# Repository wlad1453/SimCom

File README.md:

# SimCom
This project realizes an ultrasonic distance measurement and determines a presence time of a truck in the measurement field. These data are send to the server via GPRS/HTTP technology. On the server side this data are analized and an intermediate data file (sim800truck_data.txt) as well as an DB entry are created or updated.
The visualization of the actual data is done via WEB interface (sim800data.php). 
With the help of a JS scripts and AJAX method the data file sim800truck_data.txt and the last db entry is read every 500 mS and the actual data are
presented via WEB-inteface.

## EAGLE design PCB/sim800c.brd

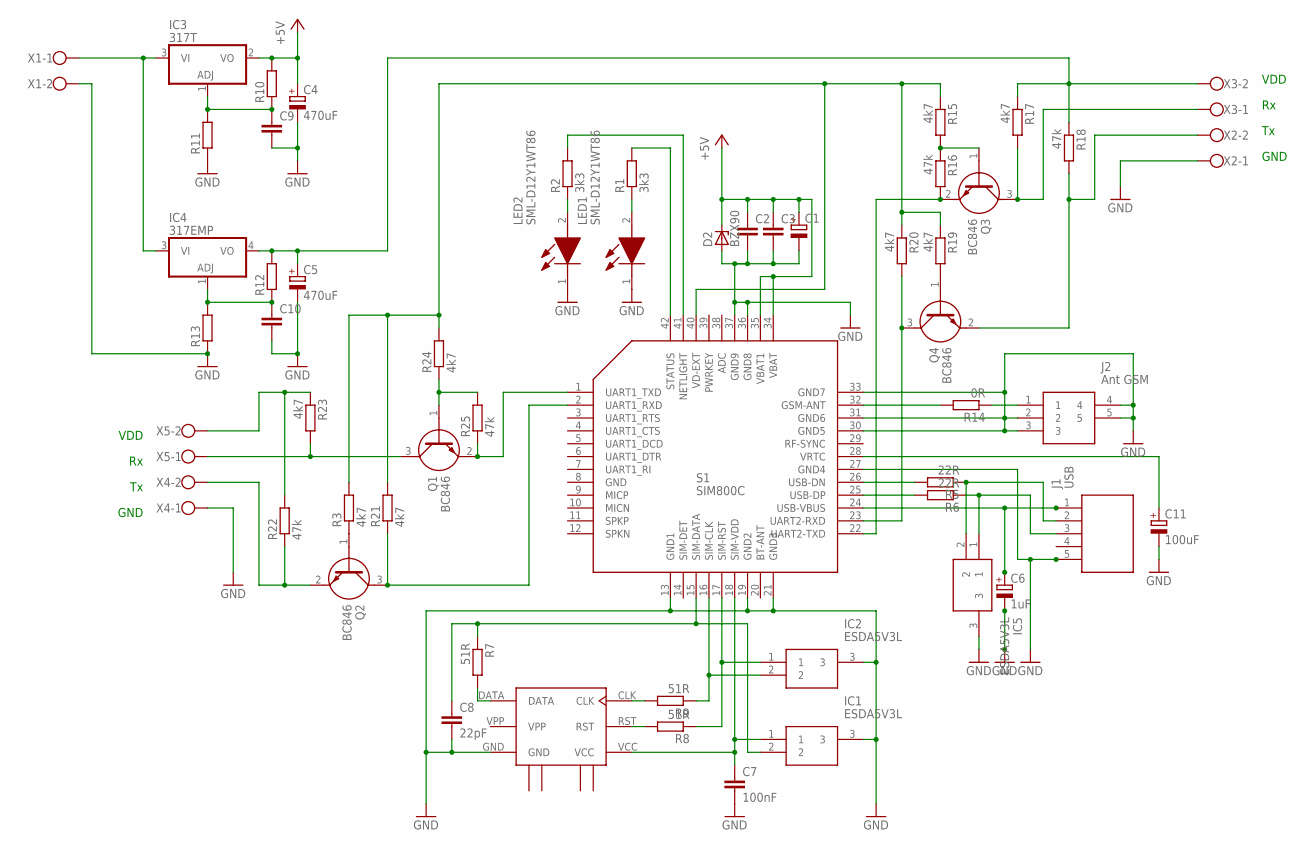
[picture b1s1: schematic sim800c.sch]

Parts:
C1: CPOL-EU140CLH-0810; 140CLH-0810
C2, C3, C9, C10: C-EUC0603; C0603
C4, C5: 470uF; 140CLH-1010
C6: 1uF; 153CLV-0405
C7: 100nF; C0805
C8: 22pF; C0805
C11: 100uF; 140CLH-0810
D2: BZX90; DO34Z7
IC1: ESDA5V3L; SOT105P242X150-3N
IC2, IC5: ESDA5V3L; SOT105P242X150-3N; MANUFACTURER_PART_NUMBER ESDA5V3L; MOUSER_PART_NUMBER 511-ESDA5V3L
IC3: 317T; TO220H
IC4: 317EMP; SOT223
J1: USB; ZX62R-B-5P(30)
J2: Ant GSM; 10533541
LED1, LED2: SML-D12Y1WT86; LEDC1608X55N
Q1, Q2: BC846; SOT95P230X110-3N
Q3, Q4: BC846; SOT95P230X110-3N; MANUFACTURER_PART_NUMBER BC846B,215; MOUSER_PART_NUMBER 771-BC846B-T/R
R1, R2: 3k3; M0805
R3, R15, R17, R19, R20, R21, R23, R24: 4k7; M1206
R5, R6: 22R; M1206
R7, R8, R9: 51R; M1206
R10, R11, R12, R13: R-EU_M1206; M1206
R14: 0R; M1206
R16, R18, R22, R25: 47k; M1206
S1: SIM800C
U$1: SCU-W0822XR-06
X1, X2, X4: W237-102
X3, X5: W237-102; MPN 237-102

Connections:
+5V: C1.+, C2.1, C3.1, C4.+, D2.C, IC3.2 (VO), R10.2, S1.34 (VBAT), S1.35 (VBAT1)
GND: C1.-, C2.2, C3.2, C4.-, C5.-, C6.-, C7.2, C8.2, C9.2, C10.2, C11.-, D2.A, IC1.3, IC2.3, IC5.3, J1.5, J2.2, J2.3, J2.4, J2.5, LED1.1 (K), LED2.1 (K), R11.1, R13.1, S1.8 (GND), S1.13 (GND1), S1.19 (GND2), S1.21 (GND3), S1.27 (GND4), S1.30 (GND5), S1.31 (GND6), S1.33 (GND7), S1.36 (GND8), S1.37 (GND9), U$1.GND, X1.2, X2.1, X4.1
GND1: U$1.GND_1 (GND1)
GND2: U$1.GND_2 (GND2)
GND3: U$1.GND_3 (GND3)
GND4: U$1.GND_4 (GND4)
unnamed: Q3.2 (E), R16.2, S1.22 (UART2-TXD)
unnamed: R6.2, S1.25 (USB-DP)
unnamed: C6.+, J1.1, S1.24 (USB-VBUS)
unnamed: IC5.2, J1.2, R5.1
unnamed: R14.2, S1.32 (GSM-ANT)
unnamed: LED1.2 (A), R1.1
unnamed: LED2.2 (A), R2.1
unnamed: Q1.3 (C), R23.2, X5.1
unnamed: Q1.1 (B), R24.1, R25.2
unnamed: IC5.1, J1.3, R6.1
unnamed: Q2.3 (C), R21.1, S1.2 (UART1_RXD)
unnamed: R7.2, U$1.DATA
unnamed: IC2.2, R9.1, S1.16 (SIM-CLK)
unnamed: IC2.1, R8.1, S1.17 (SIM-RST)
unnamed: IC3.3 (VI), IC4.3 (VI), X1.1
unnamed: C7.1, IC1.1, S1.18 (SIM-VDD), U$1.VCC
unnamed: C8.1, IC1.2, R7.1, S1.15 (SIM-DATA)
unnamed: C9.1, IC3.1 (ADJ), R10.1, R11.2
unnamed: R9.2, U$1.CLK
unnamed: J2.1, R14.1
unnamed: R8.2, U$1.RST
unnamed: R2.2, S1.41 (NETLIGHT)
unnamed: R1.2, S1.42 (STATUS)
unnamed: C10.1, IC4.1 (ADJ), R12.1, R13.2
unnamed: C11.+, S1.28 (VRTC)
unnamed: Q3.1 (B), R15.2, R16.1
unnamed: C5.+, IC4.4 (VO), R12.2, R17.1, R18.1, X3.2
unnamed: R5.2, S1.26 (USB-DN)
unnamed: R3.2, R15.1, R19.1, R20.1, R21.2, R24.2, S1.40 (VD-EXT)
unnamed: Q2.2 (E), R22.1, X4.2
unnamed: Q3.3 (C), R17.2, X3.1
unnamed: Q2.1 (B), R3.1
unnamed: Q4.1 (B), R19.2
unnamed: Q4.3 (C), R20.2, S1.23 (UART2-RXD)
unnamed: Q4.2 (E), R18.2, X2.2
unnamed: R22.2, R23.1, X5.2
S$3: Q1.2 (E), R25.1, S1.1 (UART1_TXD)
VPP: U$1.VPP

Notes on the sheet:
VDD
GND

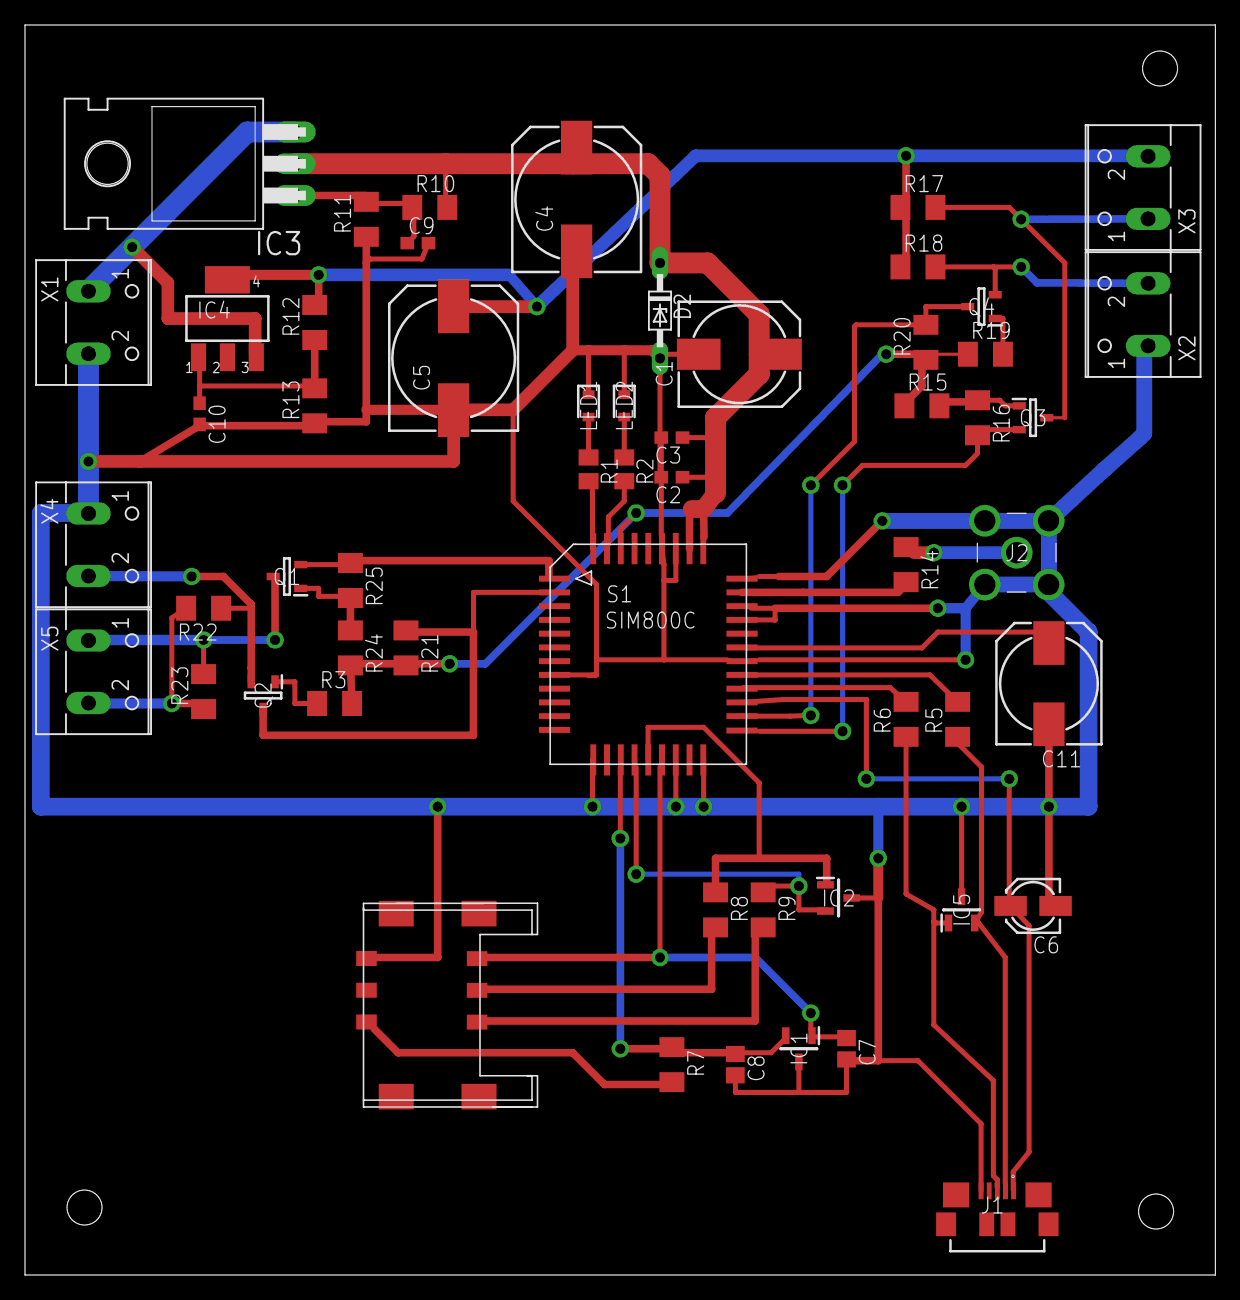
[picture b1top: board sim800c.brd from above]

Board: 2 copper layers, 95.2 x 100.0 mm, 56 parts (0 on the bottom side), 39 nets.

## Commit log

2020-10-08 Add files via upload
    AT commands structures added,
    send/recieve logic implementation started
2020-10-08 Add files via upload
    These files implement a server side functionality
2020-10-08 Rename answ_time.php to WEB interface/answ_time.php
2020-10-08 Rename host_time.php to WEB interface/host_time.php
2020-10-08 Rename sim800connect.php to WEB interface/sim800connect.php
2020-10-08 Rename sim800data.php to WEB interface/sim800data.php
2020-10-08 Rename sim800truck_data.txt to WEB interface/sim800truck_data.txt
2020-10-08 Rename trucks_data.txt to WEB interface/trucks_data.txt
2020-10-08 Rename sim800_README.md to README.md

**TASK TO COMPLETE**
Retype the entries above exactly, but only from the line containing "unnamed: R9.2, U$1.CLK" through the line containing "unnamed: C5.+, IC4.4", both included.

**EXERCISE RESULT**
unnamed: R9.2, U$1.CLK
unnamed: J2.1, R14.1
unnamed: R8.2, U$1.RST
unnamed: R2.2, S1.41 (NETLIGHT)
unnamed: R1.2, S1.42 (STATUS)
unnamed: C10.1, IC4.1 (ADJ), R12.1, R13.2
unnamed: C11.+, S1.28 (VRTC)
unnamed: Q3.1 (B), R15.2, R16.1
unnamed: C5.+, IC4.4 (VO), R12.2, R17.1, R18.1, X3.2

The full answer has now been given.